Next Avenue had an interesting article on how 4 states have lowered nursing home admissions. Nursing home care is the most expensive form of long-term care. According to the 2017 Genworth Cost of Care report, a private room in a nursing home now costs an average of $97,455 per year. A semi-private room runs more than $85,000.
“If you are hospitalized at age 65 or older, there is a one in five chance you will be discharged to a nursing home. Certain states — like Minnesota, Maine, Oregon and Connecticut — have implemented policies that lower the chances of getting “stuck” in a nursing home, said Wendy Fox-Grage, a senior strategic policy advisory with the AARP Policy Institute and co-author of “State Strategies to Reduce the Risk of Long-Term Nursing Home Care After Hospitalization.” The new report, released Oct. 6, highlights some of those innovative policies.
Minnesota: ‘Return to Community’
Minnesota uses “community living specialists” to work with older adults to get them back to their communities.
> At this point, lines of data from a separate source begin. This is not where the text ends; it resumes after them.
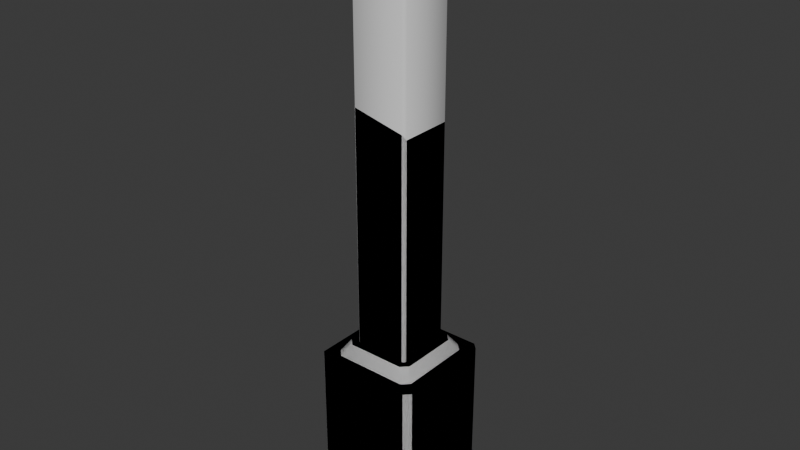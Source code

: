 # Source: StoneBricks.blend  (saved by Blender 4.0.36; exported with 4.5.12 LTS)
import bpy
from mathutils import Matrix  # noqa: F401  (used for matrix-valued properties, if any)

bpy.ops.wm.read_factory_settings(use_empty=True)
scene = bpy.context.scene
scene.name = 'Scene'

# ---- collections
col_collection = bpy.data.collections.new('Collection'); scene.collection.children.link(col_collection)

# ---- materials (node trees are filled in below, after node groups)
mat_material = bpy.data.materials.new('Material')
mat_material.alpha_threshold = 0.0
mat_material.use_transparent_shadow = False
mat_material.roughness = 0.5
mat_material.line_color = (0.0, 0.0, 0.0, 1.0)

# ---- node groups
ng_auto_smooth = bpy.data.node_groups.new('Auto Smooth', 'GeometryNodeTree')
_s = ng_auto_smooth.interface.new_socket(name='Geometry', in_out='OUTPUT', socket_type='NodeSocketGeometry')
_s = ng_auto_smooth.interface.new_socket(name='Geometry', in_out='INPUT', socket_type='NodeSocketGeometry')
_s = ng_auto_smooth.interface.new_socket(name='Angle', in_out='INPUT', socket_type='NodeSocketFloat')
_s.subtype = 'ANGLE'
_s.min_value = 0.0
_s.max_value = 3.142
ng_auto_smooth.is_modifier = True
_N = ng_auto_smooth.nodes; _L = ng_auto_smooth.links
n0 = _N.new('NodeGroupOutput'); n0.name = 'Group Output'; n0.location = (480, -100)
n1 = _N.new('NodeGroupInput'); n1.name = 'Group Input'; n1.location = (-420, -300)
n2 = _N.new('NodeGroupInput'); n2.name = 'Group Input.001'; n2.location = (-60, -100)
n3 = _N.new('GeometryNodeSetShadeSmooth'); n3.name = 'Set Shade Smooth'; n3.location = (120, -100)
n3.domain = 'EDGE'
n4 = _N.new('GeometryNodeSetShadeSmooth'); n4.name = 'Set Shade Smooth.001'; n4.location = (300, -100)
n5 = _N.new('GeometryNodeInputMeshEdgeAngle'); n5.name = 'Edge Angle'; n5.location = (-420, -220)
n6 = _N.new('GeometryNodeInputEdgeSmooth'); n6.name = 'Is Edge Smooth'; n6.location = (-60, -160)
n7 = _N.new('GeometryNodeInputShadeSmooth'); n7.name = 'Is Face Smooth'; n7.location = (-240, -340)
n8 = _N.new('FunctionNodeBooleanMath'); n8.name = 'Boolean Math'; n8.location = (-60, -220)
n9 = _N.new('FunctionNodeCompare'); n9.name = 'Compare'; n9.location = (-240, -180)
n9.operation = 'LESS_EQUAL'
_L.new(n5.outputs[0], n9.inputs[0])
_L.new(n4.outputs[0], n0.inputs[0])
_L.new(n1.outputs[1], n9.inputs[1])
_L.new(n9.outputs[0], n8.inputs[0])
_L.new(n7.outputs[0], n8.inputs[1])
_L.new(n2.outputs[0], n3.inputs[0])
_L.new(n6.outputs[0], n3.inputs[1])
_L.new(n3.outputs[0], n4.inputs[0])
_L.new(n8.outputs[0], n3.inputs[2])
n0.is_active_output = True

# ---- material node trees
mat_material.use_nodes = True; mat_material.node_tree.nodes.clear()
_N = mat_material.node_tree.nodes; _L = mat_material.node_tree.links
n0 = _N.new('ShaderNodeOutputMaterial'); n0.name = 'Material Output'; n0.location = (300, 300)
n1 = _N.new('ShaderNodeBsdfPrincipled'); n1.name = 'Principled BSDF'; n1.location = (10, 300)
n1.inputs[3].default_value = 1.45
_L.new(n1.outputs[0], n0.inputs[0])
n0.is_active_output = True

# ---- world
world_world = bpy.data.worlds.new('World'); scene.world = world_world
world_world.use_nodes = True; world_world.node_tree.nodes.clear()
_N = world_world.node_tree.nodes; _L = world_world.node_tree.links
n0 = _N.new('ShaderNodeOutputWorld'); n0.name = 'World Output'; n0.location = (300, 300)
n1 = _N.new('ShaderNodeBackground'); n1.name = 'Background'; n1.location = (10, 300)
n1.inputs[0].default_value = (0.05088, 0.05088, 0.05088, 1.0)
_L.new(n1.outputs[0], n0.inputs[0])
n0.is_active_output = True
world_world.color = (0.05088, 0.05088, 0.05088)
world_world.use_sun_shadow = False
world_world.sun_shadow_jitter_overblur = 0.0

# ---- meshes
me_brick = bpy.data.meshes.new('Brick')
me_brick.from_pydata([(0.1501, 0.5029, 0.1749), (0.1501, 0.4175, 0.2603), (0.2355, 0.4175, 0.1749), (0.1501, 0.4175, -0.2603), (0.1501, 0.5029, -0.1749), (0.2355, 0.4175, -0.1749), (0.2355, -0.4175, 0.1749), (0.1501, -0.4175, 0.2603), (0.1501, -0.5029, 0.1749), (0.2355, -0.4175, -0.1749), (0.1501, -0.5029, -0.1749), (0.1501, -0.4175, -0.2603), (-0.1501, 0.5029, 0.1749), (-0.2355, 0.4175, 0.1749), (-0.1501, 0.4175, 0.2603), (-0.2355, 0.4175, -0.1749), (-0.1501, 0.5029, -0.1749), (-0.1501, 0.4175, -0.2603), (-0.2355, -0.4175, 0.1749), (-0.1501, -0.5029, 0.1749), (-0.1501, -0.4175, 0.2603), (-0.1501, -0.4175, -0.2603), (-0.1501, -0.5029, -0.1749), (-0.2355, -0.4175, -0.1749)], [], [(17, 3, 11, 21), (23, 18, 13, 15), (10, 8, 19, 22), (1, 14, 20, 7), (5, 2, 6, 9), (0, 1, 2), (3, 4, 5), (6, 7, 8), (9, 10, 11), (12, 13, 14), (15, 16, 17), (18, 19, 20), (21, 22, 23), (17, 21, 23, 15), (3, 17, 16, 4), (2, 5, 4, 0), (22, 19, 18, 23), (8, 10, 9, 6), (12, 16, 15, 13), (7, 20, 19, 8), (1, 7, 6, 2), (21, 11, 10, 22), (20, 14, 13, 18), (14, 1, 0, 12), (11, 3, 5, 9), (16, 12, 0, 4)])
me_brick.polygons.foreach_set('use_smooth', [True] * 26)
_uv = me_brick.uv_layers.new(name='UVMap')
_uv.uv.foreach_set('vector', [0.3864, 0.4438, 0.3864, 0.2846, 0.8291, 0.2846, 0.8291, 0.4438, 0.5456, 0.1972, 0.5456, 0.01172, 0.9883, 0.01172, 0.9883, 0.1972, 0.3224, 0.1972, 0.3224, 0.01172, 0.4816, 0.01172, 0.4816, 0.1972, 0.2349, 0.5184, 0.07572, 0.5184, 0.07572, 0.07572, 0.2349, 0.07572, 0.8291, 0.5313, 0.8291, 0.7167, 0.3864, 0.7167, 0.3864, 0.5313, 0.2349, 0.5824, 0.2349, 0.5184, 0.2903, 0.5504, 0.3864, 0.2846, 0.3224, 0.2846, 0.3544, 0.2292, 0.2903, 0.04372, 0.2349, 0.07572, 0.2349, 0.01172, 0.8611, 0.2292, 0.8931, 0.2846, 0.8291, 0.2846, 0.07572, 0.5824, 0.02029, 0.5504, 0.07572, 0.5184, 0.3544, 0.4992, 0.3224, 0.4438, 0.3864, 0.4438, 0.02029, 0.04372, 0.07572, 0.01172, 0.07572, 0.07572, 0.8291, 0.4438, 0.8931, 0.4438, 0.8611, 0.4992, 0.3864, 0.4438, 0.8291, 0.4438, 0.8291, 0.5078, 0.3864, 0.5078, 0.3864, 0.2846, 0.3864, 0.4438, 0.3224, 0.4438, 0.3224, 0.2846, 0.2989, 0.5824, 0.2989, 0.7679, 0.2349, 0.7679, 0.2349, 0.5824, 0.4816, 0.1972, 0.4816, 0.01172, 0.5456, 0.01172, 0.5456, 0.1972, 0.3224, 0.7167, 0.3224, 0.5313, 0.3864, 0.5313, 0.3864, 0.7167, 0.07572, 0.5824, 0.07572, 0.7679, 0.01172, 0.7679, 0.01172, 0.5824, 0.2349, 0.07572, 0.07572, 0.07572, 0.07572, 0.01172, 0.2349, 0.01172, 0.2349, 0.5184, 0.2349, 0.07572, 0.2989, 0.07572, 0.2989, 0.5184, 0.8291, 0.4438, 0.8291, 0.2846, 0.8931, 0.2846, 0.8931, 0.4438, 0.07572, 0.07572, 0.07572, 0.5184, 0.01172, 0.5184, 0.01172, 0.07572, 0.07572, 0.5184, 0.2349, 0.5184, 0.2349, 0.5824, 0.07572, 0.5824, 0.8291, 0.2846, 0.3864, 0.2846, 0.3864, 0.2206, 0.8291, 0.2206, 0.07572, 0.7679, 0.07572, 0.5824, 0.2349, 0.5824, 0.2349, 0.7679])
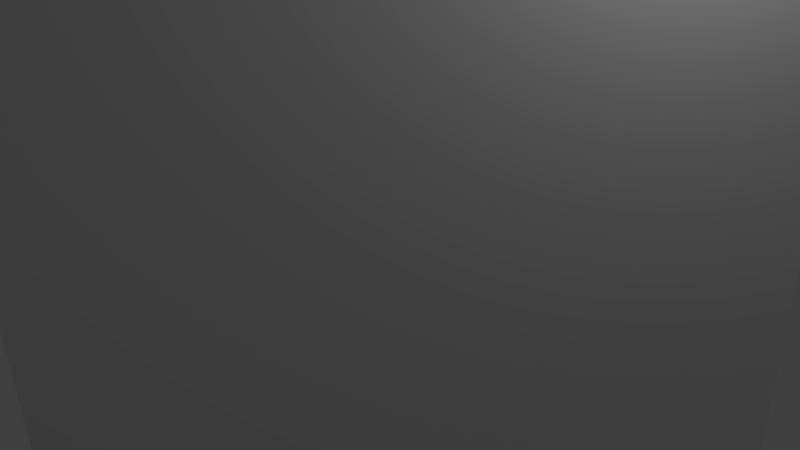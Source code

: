 # Source: webstream.blend  (saved by Blender 2.73.0; exported with 4.5.12 LTS)
import bpy
from mathutils import Matrix  # noqa: F401  (used for matrix-valued properties, if any)

bpy.ops.wm.read_factory_settings(use_empty=True)
scene = bpy.context.scene
scene.name = 'Scene'

# ---- collections
col_collection_1 = bpy.data.collections.new('Collection 1'); scene.collection.children.link(col_collection_1)

# ---- materials (node trees are filled in below, after node groups)
mat_material_003 = bpy.data.materials.new('Material.003')
mat_material_003.alpha_threshold = 0.0
mat_material_003.use_transparent_shadow = False
mat_material_003.preview_render_type = 'FLAT'
mat_material_003.roughness = 0.5
mat_material_003.line_color = (0.0, 0.0, 0.0, 1.0)

# ---- material node trees

# ---- world
world_world = bpy.data.worlds.new('World'); scene.world = world_world
world_world.color = (0.05088, 0.05088, 0.05088)
world_world.use_sun_shadow = False
world_world.sun_shadow_jitter_overblur = 0.0
world_world.cycles.sampling_method = 'MANUAL'
world_world.cycles.sample_map_resolution = 256

# ---- cameras
cam_camera = bpy.data.cameras.new('Camera')
cam_camera.clip_end = 100.0
cam_camera.lens = 35.0
cam_camera.sensor_width = 32.0
cam_camera.sensor_height = 18.0
cam_camera.ortho_scale = 7.314
cam_camera.dof.focus_distance = 0.0
cam_camera.dof.aperture_fstop = 128.0

# ---- lights
light_lamp = bpy.data.lights.new('Lamp', 'POINT')
light_lamp.transmission_factor = 0.0
light_lamp.cutoff_distance = 30.0
light_lamp.energy = 100.0
light_lamp.shadow_buffer_clip_start = 1.001
light_lamp.shadow_soft_size = 0.1
light_lamp.shadow_maximum_resolution = 0.006
light_lamp.use_absolute_resolution = True
light_lamp.cycles.use_multiple_importance_sampling = False

# ---- meshes
me_plane = bpy.data.meshes.new('Plane')
me_plane.from_pydata([(1.006, -0.9937, 0.0), (0.9937, 1.006, 0.0), (-0.9937, -1.006, 0.0), (-1.006, 0.9937, 0.0)], [], [(0, 1, 3, 2)])
_uv = me_plane.uv_layers.new(name='UVMap')
_uv.uv.foreach_set('vector', [0.0001001, 9.998e-05, 0.9999, 0.0001, 0.9999, 0.9999, 9.998e-05, 0.9999])
me_plane.materials.append(mat_material_003)
me_plane.use_remesh_preserve_volume = False
me_plane.use_remesh_preserve_attributes = False
me_plane.use_mirror_vertex_groups = False
me_plane.update()

# ---- objects
ob_plane = bpy.data.objects.new('Plane', me_plane)
ob_lamp = bpy.data.objects.new('Lamp', light_lamp)
ob_camera = bpy.data.objects.new('Camera', cam_camera)

# ---- transforms, parenting, visibility, modifiers, constraints
ob_plane.location = (0.2512, -0.02499, -0.4037)
ob_plane.rotation_euler = (1.571, 1.571, 0.7854)
ob_plane.scale = (5.187, 5.187, 5.187)
ob_plane.lineart.crease_threshold = 0.0
ob_lamp.location = (4.076, 1.005, 5.904)
ob_lamp.rotation_euler = (0.6503, 0.05522, 1.866)
ob_lamp.lock_rotations_4d = False
ob_lamp.empty_display_type = 'ARROWS'
ob_lamp.color = (0.0, 0.0, 0.0, 0.0)
ob_lamp.lineart.crease_threshold = 0.0
ob_camera.location = (7.481, -6.508, 5.344)
ob_camera.rotation_euler = (1.109, 0.01082, 0.8149)
ob_camera.lock_rotations_4d = False
ob_camera.empty_display_type = 'ARROWS'
ob_camera.color = (0.0, 0.0, 0.0, 0.0)
ob_camera.display_type = 'WIRE'
ob_camera.lineart.crease_threshold = 0.0

# ---- collection membership
col_collection_1.objects.link(ob_plane)
col_collection_1.objects.link(ob_lamp)
col_collection_1.objects.link(ob_camera)

# ---- scene / render settings (as saved in the file)
scene.camera = ob_camera
scene.frame_start = 1; scene.frame_end = 250; scene.frame_set(1)
scene.render.engine = 'BLENDER_EEVEE_NEXT'
scene.render.resolution_percentage = 50
scene.render.dither_intensity = 0.0
scene.cycles.use_denoising = False
scene.cycles.samples = 10
scene.cycles.sampling_pattern = 'TABULATED_SOBOL'
scene.cycles.light_sampling_threshold = 0.0
scene.cycles.use_adaptive_sampling = False
scene.cycles.use_light_tree = False
scene.cycles.blur_glossy = 0.0
scene.cycles.volume_bounces = 1
scene.cycles.pixel_filter_type = 'GAUSSIAN'
scene.cycles.sample_clamp_indirect = 0.0
scene.view_settings.view_transform = 'Standard'
bpy.context.view_layer.update()

The community living specialists, who are nurses or social workers, assist the nursing home to identify new residents who may want to return home. Then, after the residents return home, the community living specialists follow up with them to make sure they are getting the services and support they need over the following months.
Another Minnesota initiative lauded in the report is its Performance-Based Incentive Payment Program. This program rewards nursing homes with incentive payments for designing projects to lower their numbers of long-term residents.
Oregon: Downsizing Nursing Homes
Oregon does a better-than-average job of keeping people out of nursing homes by providing services in the community: just 3.3 percent of state residents age 85 and older live in nursing homes. (The national average is 9.5 percent, according to the AARP report.)
A 2013 law provided a financial incentive for nursing homes to buy another facility and then take the excess capacity out of use — a process known as “buy and close.” Some providers have diversified into hospice care, assisted living, home health and independent living, the report said.
Connecticut: Home Care for Older Adults
Connecticut’s Home Care Program for Elders provides financial assistance for home care services so older adults can delay or avoid going to a nursing home. There are varying levels of service depending on a person’s financial resources, but unlike other programs, those who don’t qualify for Medicaid are not automatically excluded.
The services may include housekeeping, companion services, home-delivered meals, a personal emergency response system, adult day care, assisted living, mental health counseling and minor home modifications. Family caregivers can receive payments of between $42.58 and $107.06 per day.
The program “represents a significant state investment in the delivery of home care services to people who, despite being at risk for nursing home admission, do not qualify for Medicaid,” the report said.
Maine: Getting to People Early
Maine has been working since the 1990s to limit nursing home admissions to the people who most need them, according to the report. It does that, in part, by mandating medical assessments before admission. Maine also provides prospective residents and their families with a “community plan of care,” which gives information about services they may be able to use instead of going to a nursing home.
The program also provides individuals with a service plan that has estimates of how much the home care services will cost. The service plan doubles as an authorization for payment by Medicaid, if the person qualifies, or the state-funded home- and community-based care services program.